New Treatment Could Ease Chronic Pain
Researchers may have developed a therapy that could provide a new approach to treating chronic pain, according to a study published in Nature Neuroscience.
The new treatment strategy combines two already FDA-approved drugs to target brain circuits in chronic pain patients. So far it’s only been proven to be successful in rodents, but the researchers are pursuing a clinical trial to test it in humans.
The two drugs combined to make the therapy are L-dopa, a Parkinson’s drug, and a non-steroidal anti-inflammatory drug. Together, these drugs work on brain circuits in the nucleus accumbens, preventing the neural process that leads to chronic pain.

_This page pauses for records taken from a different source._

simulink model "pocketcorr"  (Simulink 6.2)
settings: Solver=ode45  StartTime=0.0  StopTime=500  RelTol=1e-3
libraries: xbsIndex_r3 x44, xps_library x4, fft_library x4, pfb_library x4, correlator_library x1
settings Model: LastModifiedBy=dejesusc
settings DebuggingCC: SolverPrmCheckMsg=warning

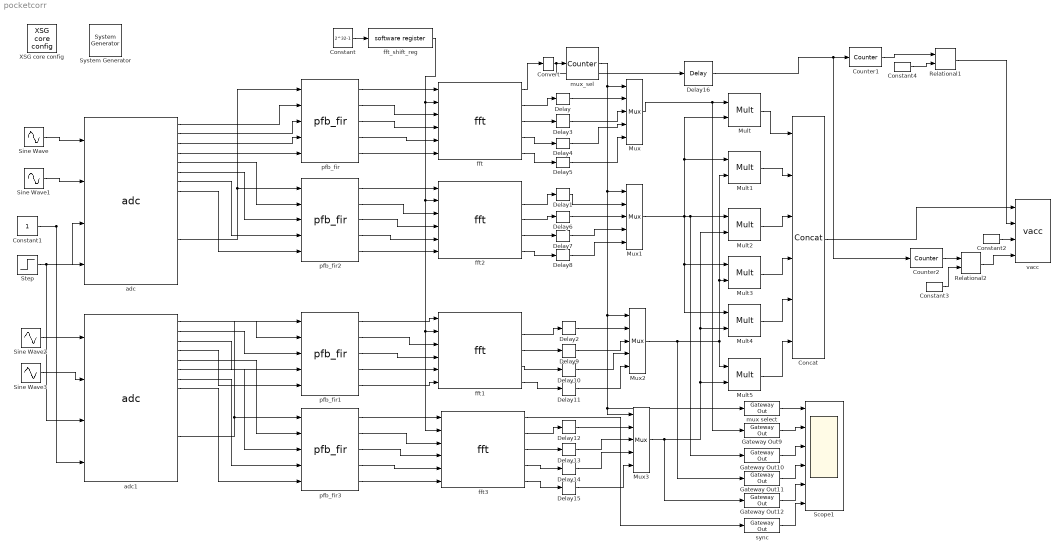
== system pocketcorr ==
  " System Generator" : xbsIndex_r3/ System Generator  Tag=genX  xilinxfamily=Virtex2P  part=xc2vp50  speed=-7  package=ff1152  synthesis_tool=XST  directory=./pocketcorr/sysgen  testbench=off  simulink_period=1  sysclk_period=3.9063  incr_netlist=off  trim_vbits=Everywhere in SubSystem  dbl_ovrd=According to Block Masks  core_generation=According to Block Masks  run_coregen=off  deprecated_control=off  eval_field=0
      settings: AttributesFormatString=System\nGenerator
  Concat : xbsIndex_r3/Concat  num_inputs=6  explicit_period=off  period=1  dbl_ovrd=off
  Constant : Constant  Value=2^32-1
  Constant1 : Constant
  Constant2 : xbsIndex_r3/Constant  const=0  equ=P=C  arith_type=Boolean  n_bits=1  bin_pt=0  opselect=C  inp2=PCIN>>17  opr=+  inp1=P  carry=CIN  iostate=0  explicit_period=on  period=1  dbl_ovrd=off
  Constant3 : xbsIndex_r3/Constant  const=32  equ=P=C  arith_type=Unsigned  n_bits=5  bin_pt=0  opselect=C  inp2=PCIN>>17  opr=+  inp1=P  carry=CIN  iostate=0  explicit_period=on  period=1  dbl_ovrd=off
  Constant4 : xbsIndex_r3/Constant  const=2^4  equ=P=C  arith_type=Unsigned  n_bits=5  bin_pt=0  opselect=C  inp2=PCIN>>17  opr=+  inp1=P  carry=CIN  iostate=0  explicit_period=on  period=1  dbl_ovrd=off
  Convert : xbsIndex_r3/Convert  arith_type=Boolean  n_bits=8  bin_pt=6  quantization=Truncate  overflow=Wrap  latency=0  explicit_period=off  period=1  dbl_ovrd=off  show_param=off  inserted_by_tool=off  pipeline=off
      settings: xl_area=[0, 0, 0, 0, 0, 0, 0]
  Counter1 : xbsIndex_r3/Counter  cnt_type=Free Running  n_bits=5  bin_pt=0  arith_type=Unsigned  start_count=0  cnt_to=Inf  cnt_by_val=1  operation=Up  explicit_period=off  period=1  load_pin=off  rst=on  en=off  dbl_ovrd=off  show_param=off  use_rpm=on  gen_core=off
      settings: xl_area=[0, 0, 0, 0, 0, 0, 0]
  Counter2 : xbsIndex_r3/Counter  cnt_type=Free Running  n_bits=20  bin_pt=0  arith_type=Unsigned  start_count=0  cnt_to=Inf  cnt_by_val=1  operation=Up  explicit_period=off  period=1  load_pin=off  rst=on  en=off  dbl_ovrd=off  show_param=off  use_rpm=on  gen_core=off
      settings: xl_area=[0, 0, 0, 0, 0, 0, 0]
  Delay{,1..2,12} (4 alike) : xbsIndex_r3/Delay  latency=4  reg_retiming=off  explicit_period=off  period=1  en=off  accept_only_valid=off  init_zero=on  dbl_ovrd=off  show_param=off
      settings: xl_area=[0, 0, 0, 0, 0, 0, 0]
  Delay{4,7,10,14} (4 alike) : xbsIndex_r3/Delay  latency=6  reg_retiming=off  explicit_period=off  period=1  en=off  accept_only_valid=off  init_zero=on  dbl_ovrd=off  show_param=off
      settings: xl_area=[0, 0, 0, 0, 0, 0, 0]
  Delay{5,8,11,15} (4 alike) : xbsIndex_r3/Delay  latency=7  reg_retiming=off  explicit_period=off  period=1  en=off  accept_only_valid=off  init_zero=on  dbl_ovrd=off  show_param=off
      settings: xl_area=[0, 0, 0, 0, 0, 0, 0]
  Delay{3,6,9,13} (4 alike) : xbsIndex_r3/Delay  latency=5  reg_retiming=off  explicit_period=off  period=1  en=off  accept_only_valid=off  init_zero=on  dbl_ovrd=off  show_param=off
      settings: xl_area=[0, 0, 0, 0, 0, 0, 0]
  Delay16 : xbsIndex_r3/Delay  latency=9  reg_retiming=off  explicit_period=off  period=1  en=off  accept_only_valid=off  init_zero=on  dbl_ovrd=off  show_param=off
      settings: xl_area=[0, 0, 0, 0, 0, 0, 0]
  Gateway Out{9..12} (4 alike) : xbsIndex_r3/Gateway Out  output_type=Double  nbits=8  bin_pt=6  arith_type=Boolean  quantization=Truncate  overflow=Wrap  hdl_port=on  timing_constraint=None  locs_specified=off  LOCs={}  needs_fixed_name=off  show_param=off
      settings: xl_area=[0, 0, 0, 0, 0, 0, 0]
  Mult{,1..5} (6 alike) : xbsIndex_r3/Mult  precision=Full  arith_type="Signed  (2's comp)"  n_bits=8  bin_pt=2  quantization=Truncate  overflow=Wrap  latency=5  explicit_period=off  period=1  en=off  dbl_ovrd=off  show_param=off  mult_type=Parallel  oversample=2  use_embedded=off  pipeline=on  use_rpm=on  placement_style=Rectangular Shape  gen_core=off
      settings: xl_area=[0, 0, 0, 0, 0, 0, 0]
  Mux{,1..3} (4 alike) : xbsIndex_r3/Mux  inputs=4  precision=Full  arith_type="Signed  (2's comp)"  n_bits=8  bin_pt=2  quantization=Truncate  overflow=Wrap  latency=0  explicit_period=off  period=1  en=off  dbl_ovrd=off  show_param=off  mux_type=off  use_rpm=off  gen_core=off
      settings: xl_area=[0, 0, 0, 0, 0, 0, 0]
  Relational1 : xbsIndex_r3/Relational  mode=a<b  latency=1  explicit_period=on  period=1  en=off  dbl_ovrd=off  show_param=off
      settings: xl_area=[0, 0, 0, 0, 0, 0, 0]
  Relational2 : xbsIndex_r3/Relational  mode=a<b  latency=1  explicit_period=on  period=1  en=off  dbl_ovrd=off  show_param=off
      settings: xl_area=[0, 0, 0, 0, 0, 0, 0]
  Scope1 : Scope  NumInputPorts=6
      settings: YMin=-5~-5~-5~-5~-5~-5  YMax=5~5~5~5~5~5
  Sine Wave : Sin  SampleTime=0
  Sine Wave1 : Sin  Phase=pi  SampleTime=0
  Sine Wave2 : Sin  Phase=pi/2  SampleTime=0
  Sine Wave3 : Sin  Phase=3*pi/2  SampleTime=0
  Step : Step  Time=10  Before=1  After=0  SampleTime=0
  XSG core config : xps_library/XSG core config  Tag=xps:xsg  hw_sys=iBOB  clk_src=adc0_clk  clk_rate=256  sample_period=1  probe_depth=512  mpc_type=powerpc405
  adc : xps_library/adc  Tag=xps:adc  adc_brd=iBOB:adc0  adc_clk_rate=1024  adc_interleave=off  sample_period=1
  adc1 : xps_library/adc  Tag=xps:adc  adc_brd=iBOB:adc1  adc_clk_rate=1024  adc_interleave=off  sample_period=1
  fft : fft_library/fft  FFTSize=5  BitWidth=18  n_inputs=2  quantization="Round  (unbiased: Even Values)"  overflow=Wrap  add_latency=2  mult_latency=3  bram_latency=2
      link override fft_biplex0/biplex_core/fft_stage_1/sync_delay_x/Constant: equ=P=C
      link override fft_biplex0/biplex_core/fft_stage_1/sync_delay_x/Constant1: equ=P=C
      link override fft_biplex0/biplex_core/fft_stage_1/sync_delay_x/Constant2: equ=P=C
      link override fft_biplex0/biplex_core/fft_stage_1/sync_delay_x/Constant3: equ=P=C
      link override fft_biplex0/biplex_core/fft_stage_2/sync_delay_x/Constant: equ=P=C
      link override fft_biplex0/biplex_core/fft_stage_2/sync_delay_x/Constant1: equ=P=C
      link override fft_biplex0/biplex_core/fft_stage_2/sync_delay_x/Constant2: equ=P=C
      link override fft_biplex0/biplex_core/fft_stage_2/sync_delay_x/Constant3: equ=P=C
      link override fft_biplex0/biplex_core/fft_stage_3/sync_delay_x/Constant: equ=P=C
      link override fft_biplex0/biplex_core/fft_stage_3/sync_delay_x/Constant1: equ=P=C
      link override fft_biplex0/biplex_core/fft_stage_3/sync_delay_x/Constant2: equ=P=C
      link override fft_biplex0/biplex_core/fft_stage_3/sync_delay_x/Constant3: equ=P=C
      link override fft_biplex0/biplex_core/fft_stage_4/sync_delay_x/Constant: equ=P=C
      link override fft_biplex0/biplex_core/fft_stage_4/sync_delay_x/Constant1: equ=P=C
      link override fft_biplex0/biplex_core/fft_stage_4/sync_delay_x/Constant2: equ=P=C
      link override fft_biplex0/biplex_core/fft_stage_4/sync_delay_x/Constant3: equ=P=C
      link override fft_biplex0/biplex_core/fft_stage_5/sync_delay_x/Constant: equ=P=C
      link override fft_biplex0/biplex_core/fft_stage_5/sync_delay_x/Constant1: equ=P=C
      link override fft_biplex0/biplex_core/fft_stage_5/sync_delay_x/Constant2: equ=P=C
      link override fft_biplex0/biplex_core/fft_stage_5/sync_delay_x/Constant3: equ=P=C
      link override fft_biplex0/biplex_core/fft_stage_6/sync_delay_x/Constant: equ=P=C
      link override fft_biplex0/biplex_core/fft_stage_6/sync_delay_x/Constant1: equ=P=C
      link override fft_biplex0/biplex_core/fft_stage_6/sync_delay_x/Constant2: equ=P=C
      link override fft_biplex0/biplex_core/fft_stage_6/sync_delay_x/Constant3: equ=P=C
      link override fft_biplex0/biplex_core/fft_stage_7/sync_delay_x/Constant: equ=P=C
      link override fft_biplex0/biplex_core/fft_stage_7/sync_delay_x/Constant1: equ=P=C
      link override fft_biplex0/biplex_core/fft_stage_7/sync_delay_x/Constant2: equ=P=C
      link override fft_biplex0/biplex_core/fft_stage_7/sync_delay_x/Constant3: equ=P=C
      link override fft_biplex0/biplex_cplx_unscrambler/delay_bram1/Constant2: equ=P=C
      link override fft_biplex0/biplex_cplx_unscrambler/reorder/Constant: equ=P=C
      link override fft_biplex0/biplex_cplx_unscrambler/reorder/sync_delay/Constant: equ=P=C
      link override fft_biplex0/biplex_cplx_unscrambler/reorder/sync_delay/Constant1: equ=P=C
      link override fft_biplex0/biplex_cplx_unscrambler/reorder/sync_delay/Constant2: equ=P=C
      link override fft_biplex0/biplex_cplx_unscrambler/reorder/sync_delay/Constant3: equ=P=C
      link override fft_biplex0/biplex_cplx_unscrambler/reorder1/Constant: equ=P=C
      link override fft_biplex0/biplex_cplx_unscrambler/reorder1/sync_delay/Constant: equ=P=C
      link override fft_biplex0/biplex_cplx_unscrambler/reorder1/sync_delay/Constant1: equ=P=C
      link override fft_biplex0/biplex_cplx_unscrambler/reorder1/sync_delay/Constant2: equ=P=C
      link override fft_biplex0/biplex_cplx_unscrambler/reorder1/sync_delay/Constant3: equ=P=C
      link override fft_biplex0/biplex_cplx_unscrambler/sync_delay/Constant: equ=P=C
      link override fft_biplex0/biplex_cplx_unscrambler/sync_delay/Constant1: equ=P=C
      link override fft_biplex0/biplex_cplx_unscrambler/sync_delay/Constant2: equ=P=C
      link override fft_biplex0/biplex_cplx_unscrambler/sync_delay/Constant3: equ=P=C
      link override fft_biplex1/biplex_core/fft_stage_1/sync_delay_x/Constant: equ=P=C
      link override fft_biplex1/biplex_core/fft_stage_1/sync_delay_x/Constant1: equ=P=C
      link override fft_biplex1/biplex_core/fft_stage_1/sync_delay_x/Constant2: equ=P=C
      link override fft_biplex1/biplex_core/fft_stage_1/sync_delay_x/Constant3: equ=P=C
      link override fft_biplex1/biplex_core/fft_stage_2/sync_delay_x/Constant: equ=P=C
      link override fft_biplex1/biplex_core/fft_stage_2/sync_delay_x/Constant1: equ=P=C
      link override fft_biplex1/biplex_core/fft_stage_2/sync_delay_x/Constant2: equ=P=C
      link override fft_biplex1/biplex_core/fft_stage_2/sync_delay_x/Constant3: equ=P=C
      link override fft_biplex1/biplex_core/fft_stage_3/sync_delay_x/Constant: equ=P=C
      link override fft_biplex1/biplex_core/fft_stage_3/sync_delay_x/Constant1: equ=P=C
      link override fft_biplex1/biplex_core/fft_stage_3/sync_delay_x/Constant2: equ=P=C
      link override fft_biplex1/biplex_core/fft_stage_3/sync_delay_x/Constant3: equ=P=C
      link override fft_biplex1/biplex_core/fft_stage_4/sync_delay_x/Constant: equ=P=C
      link override fft_biplex1/biplex_core/fft_stage_4/sync_delay_x/Constant1: equ=P=C
      link override fft_biplex1/biplex_core/fft_stage_4/sync_delay_x/Constant2: equ=P=C
      link override fft_biplex1/biplex_core/fft_stage_4/sync_delay_x/Constant3: equ=P=C
      link override fft_biplex1/biplex_core/fft_stage_5/sync_delay_x/Constant: equ=P=C
      link override fft_biplex1/biplex_core/fft_stage_5/sync_delay_x/Constant1: equ=P=C
      link override fft_biplex1/biplex_core/fft_stage_5/sync_delay_x/Constant2: equ=P=C
      link override fft_biplex1/biplex_core/fft_stage_5/sync_delay_x/Constant3: equ=P=C
      link override fft_biplex1/biplex_core/fft_stage_6/sync_delay_x/Constant: equ=P=C
      link override fft_biplex1/biplex_core/fft_stage_6/sync_delay_x/Constant1: equ=P=C
      link override fft_biplex1/biplex_core/fft_stage_6/sync_delay_x/Constant2: equ=P=C
      link override fft_biplex1/biplex_core/fft_stage_6/sync_delay_x/Constant3: equ=P=C
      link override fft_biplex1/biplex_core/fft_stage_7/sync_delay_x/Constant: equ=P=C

Past research has shown that the brain changes in chronic pain patients to the point where pain signals can be transmitted even if there is no injury, or they can persist long after an injury has healed.
Perhaps the most interesting finding of the study at the Northwestern University Feinberg School of Medicine was the notion that chronic pain can be seen “as the brain getting addicted to pain.”
Researchers said the brain circuit that has to do with addiction gets involved in the pain process itself, suggesting that chronic pain cannot be viewed as a purely sensory phenomenon, but one that also is closely related to emotions.
Chronic pain affects an estimated 3 million people in the U.S.